People often mourn “The Death of the Broadway Play,” and I see their point. But two other points come to mind, as I told the Dayton audience. First, the cast of the Broadway play has shrunk considerably: Life with Father had 16 characters, Tobacco Road had 11, Abie’s Irish Rose had 21, while many newer plays have just four or five characters and might get lost on a Broadway stage. In a small Off-Broadway house, a play often has more impact and makes a theatergoer feel more a part of the action. (I have to mention that another of the Dayton judges, my TheaterMania colleague David Finkle, made an excellent point: hearing an audience of 1,000 theatergoers gasp at some of Doubt’s lines was far more potent than hearing a couple of hundred people do the same thing at Manhattan Theatre Club.)

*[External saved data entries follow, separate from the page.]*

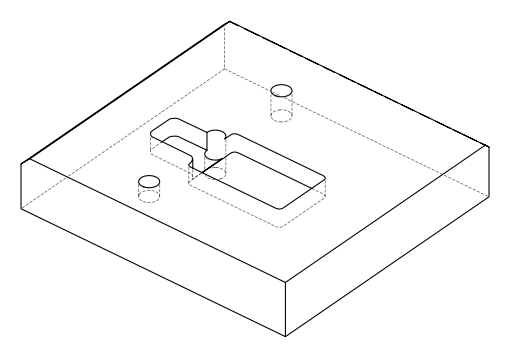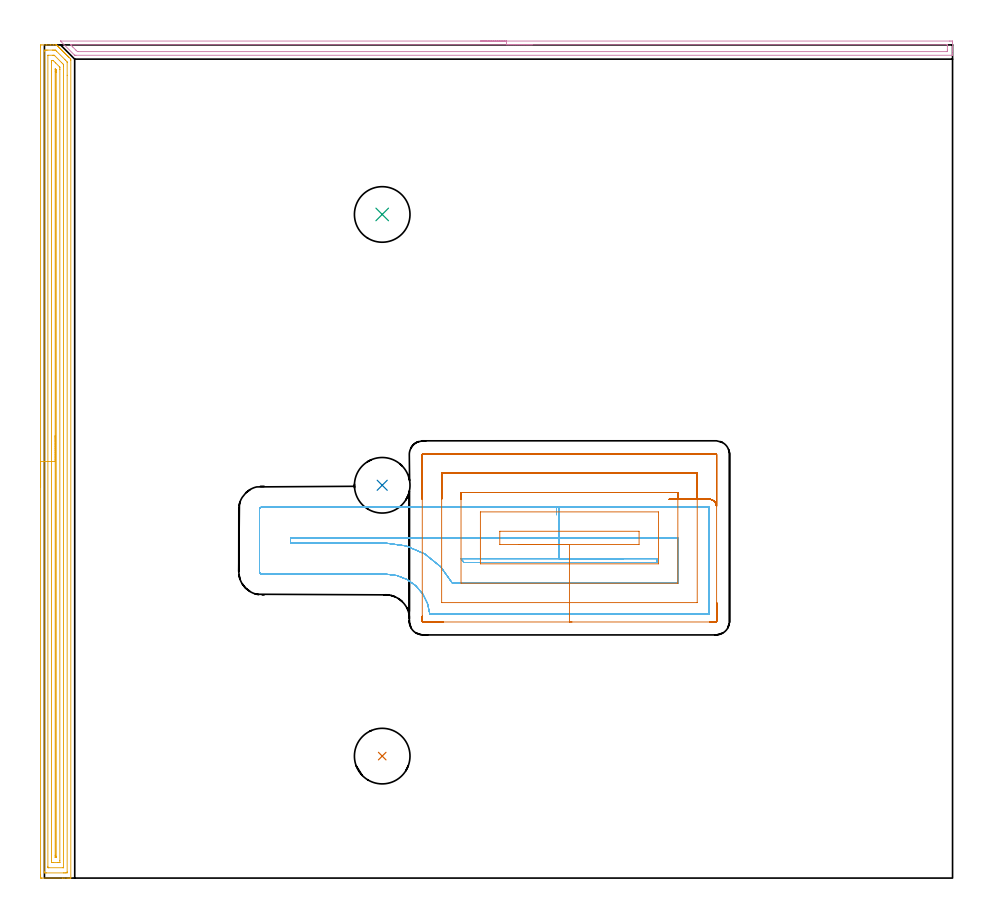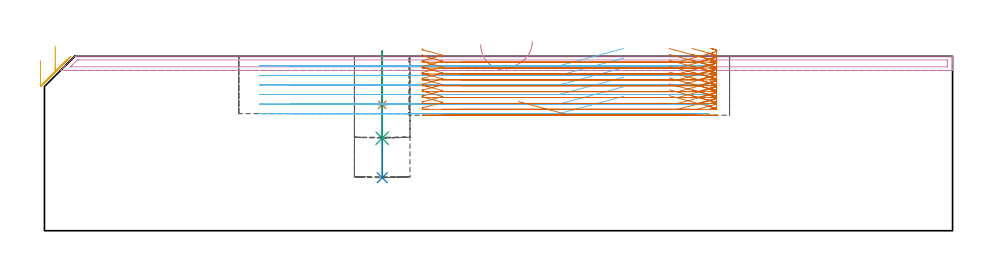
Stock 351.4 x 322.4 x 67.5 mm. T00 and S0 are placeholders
(PLAN: 7 operations, 3 tool changes, 44.2 min)
(1 INDEXABLE_INSERT_DRILL_BLIND_HOLE_FROM_SOLID | STEP1POCKET | NXT0302_014 | 0.08 min | 6726 mm3)
(2 INDEXABLE_INSERT_DRILL_BLIND_HOLE_FROM_SOLID_1 | STEP1POCKET_1 | NXT0302_014 | 0.2 min | 16954 mm3)
(3 INDEXABLE_INSERT_DRILL_BLIND_HOLE_FROM_SOLID_2 | STEP1POCKET_2 | NXT0302_014 | 0.14 min | 11404 mm3)
(4 AREA_MILL | FG_CHAMFER_SURFACE | UGT0205_001 | 5.68 min | 5281 mm3)
(5 AREA_MILL_1 | FG_CHAMFER_SURFACE_1 | UGT0205_001 | 13.02 min | 21957 mm3)
(6 MILL_OPEN_POCKET | POCKET_OPEN | UGT0201_008 | Follow Part, ap 4, ae 75% | 11.79 min | 214574 mm3)
(7 MILL_RECTANGULAR_POCKET | POCKET_RECTANGULAR_STRAIGHT | NXT0201_013 | Follow Part, ap 2.5, ae 75% | 13.3 min | 54401 mm3)
(TOOL NXT0302_014 | Index. Insert Drill 21.5mm [880-D2150L25-03] | D21.5 PA176 FL65 Z2)
(TOOL UGT0205_001 | Chamfer Mill 20 x 3 x 45 deg. | D20 FL50 Z2)
(TOOL UGT0201_008 | End Mill 16 mm | D16 FL32 Z4)
(TOOL NXT0201_013 | ENDMILL 10mm | D10 FL30 Z4)
(OP 1 INDEXABLE_INSERT_DRILL_BLIND_HOLE_FROM_SOLID)
G17 G21 G94 G90
T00 M6
G54
G17 G0 G90 X130.7 Y47.2 S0 M3
G43 Z77.5 H1
G94 G81 G98 Z48.7 F250. R69.5
G80
M5
M2
(OP 2 INDEXABLE_INSERT_DRILL_BLIND_HOLE_FROM_SOLID_1)
G17 G21 G94 G90
T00 M6
G54
G17 G0 G90 X130.7 Y152. S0 M3
G43 Z77.5 H1
G94 G81 G98 Z20.5 F250. R69.5
G80
M5
M2
(OP 3 INDEXABLE_INSERT_DRILL_BLIND_HOLE_FROM_SOLID_2)
G17 G21 G94 G90
T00 M6
G54
G17 G0 G90 X130.7 Y256.8 S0 M3
G43 Z77.5 H1
G94 G81 G98 Z35.8 F250. R69.5
G80
M5
M2
(OP 4 AREA_MILL)
G17 G21 G94 G90
T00 M6
G54
G17 G0 G90 X168.8 Y323.9 S1061 M3
G43 Z77.5 H0
Z72.
G94 G1 X168.838 Z71.128 F250.
X168.952 Z70.263
X169.141 Z69.412
X169.403 Z68.58
X169.737 Z67.774
X170.14 Z67.
X170.608 Z66.264
X171.14 Z65.572
X171.729 Z64.929
X172.372 Z64.34
X173.064 Z63.808
X173.8 Z63.34
X174.574 Z62.937
X175.38 Z62.603
X176.212 Z62.341
X177.063 Z62.152
X177.928 Z62.038
X178.8 Z62.
X350.246
X350.781 Y323.899 Z62.001
X351.311 Y323.894 Z62.003
X351.392 Y323.891 Z62.005
X351.4 Y323.368 Z62.528
Y321.594 Z64.301
Y321.048 Z64.849
Y320.706 Z65.19
Y320.161 Z65.735
Y319.819 Z66.076
Y319.135 Z66.764
Y318.81 Z67.09
Y318.434 Z67.457
X351.391 Y318.403 Z67.488
X351.228 Y318.4 Z67.5
X12.179
X11.7 Y318.407 Z67.493
X11.662 Y318.438 Z67.462
X6.372 Y323.727 Z62.171
X6.29 Y323.812 Z62.086
X6.214 Y323.891 Z62.005
X6.328 Y323.898 Z62.002
X6.372 Y323.9 Z62.
X178.8
Y322.486 Z63.414
X348.989
X349.39 Y322.481 Z63.419
X349.398 Y322.08 Z63.82
X349.4 Y320.706 Z65.194
X349.398 Y320.305 Z65.595
X349.39 Y319.819 Z66.081
X348.999 Y319.814 Z66.086
X13.078
X12.743 Y319.819 Z66.081
X12.179 Y320.372 Z65.528
X10.956 Y321.594 Z64.306
X10.392 Y322.16 Z63.74
X10.081 Y322.481 Z63.419
X10.387 Y322.486 Z63.414
X178.8
X179.672 Z63.452
X180.536 Z63.566
X181.388 Z63.755
X182.22 Z64.017
X183.026 Z64.351
X183.8 Z64.754
X184.536 Z65.223
X185.228 Z65.754
X185.871 Z66.343
X186.46 Z66.986
X186.991 Z67.678
X187.46 Z68.414
X187.863 Z69.188
X188.197 Z69.994
X188.459 Z70.826
X188.648 Z71.678
X188.762 Z72.543
X188.8 Z73.414
G0 Z77.5
M5
M2
(OP 5 AREA_MILL_1)
G17 G21 G94 G90
T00 M6
G54
G17 G0 G90 X-1.5 Y151.2 S1061 M3
G43 Z77.5 H0
Z65.8
G94 G1 Y151.238 Z64.928 F250.
Y151.352 Z64.064
Y151.541 Z63.212
Y151.803 Z62.38
Y152.137 Z61.574
Y152.54 Z60.8
Y153.008 Z60.064
Y153.54 Z59.372
Y154.129 Z58.729
Y154.772 Z58.14
Y155.464 Z57.608
Y156.2 Z57.14
Y156.974 Z56.737
Y157.78 Z56.403
Y158.612 Z56.141
Y159.464 Z55.952
Y160.328 Z55.838
Y161.2 Z55.8
Y321.437
X-1.499 Y321.798 Z55.801
X-1.494 Y322.323 Z55.803
X-1.491 Y322.392 Z55.805
X-0.972 Y322.4 Z56.324
X0.802 Z58.097
X2.266 Z59.563
X3.463 Z60.758
X4.328 Z61.628
X4.698 Z61.996
X4.708 Y322.393 Z62.006
X5.046 Y322.054 Z62.346
X5.237 Y321.865 Z62.533
X5.302 Y321.798 Z62.601
X5.466 Y321.634 Z62.765
X5.533 Y321.569 Z62.829
X5.6 Y321.501 Z62.899
X5.76 Y321.34 Z63.059
X5.828 Y321.273 Z63.125
X5.897 Y321.203 Z63.196
X6.054 Y321.046 Z63.353
X6.124 Y320.978 Z63.42
X6.195 Y320.906 Z63.494
X6.348 Y320.752 Z63.647
X6.42 Y320.682 Z63.716
X6.492 Y320.608 Z63.791
X6.642 Y320.458 Z63.941
X6.715 Y320.386 Z64.011
X6.789 Y320.311 Z64.089
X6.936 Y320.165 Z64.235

My second point? The non-musical play is alive and well throughout the country, for we have all those wonderful regional theaters. I’ll bet there are more professional performances of plays in aggregate now than there were in Broadway’s heyday. A week after my stint in Dayton, I was off to the Contemporary American Theater Festival in Shepherdstown, West Virginia. As you’ll read in my next column, I had an extraordinary time there at shows in which no one sang a note.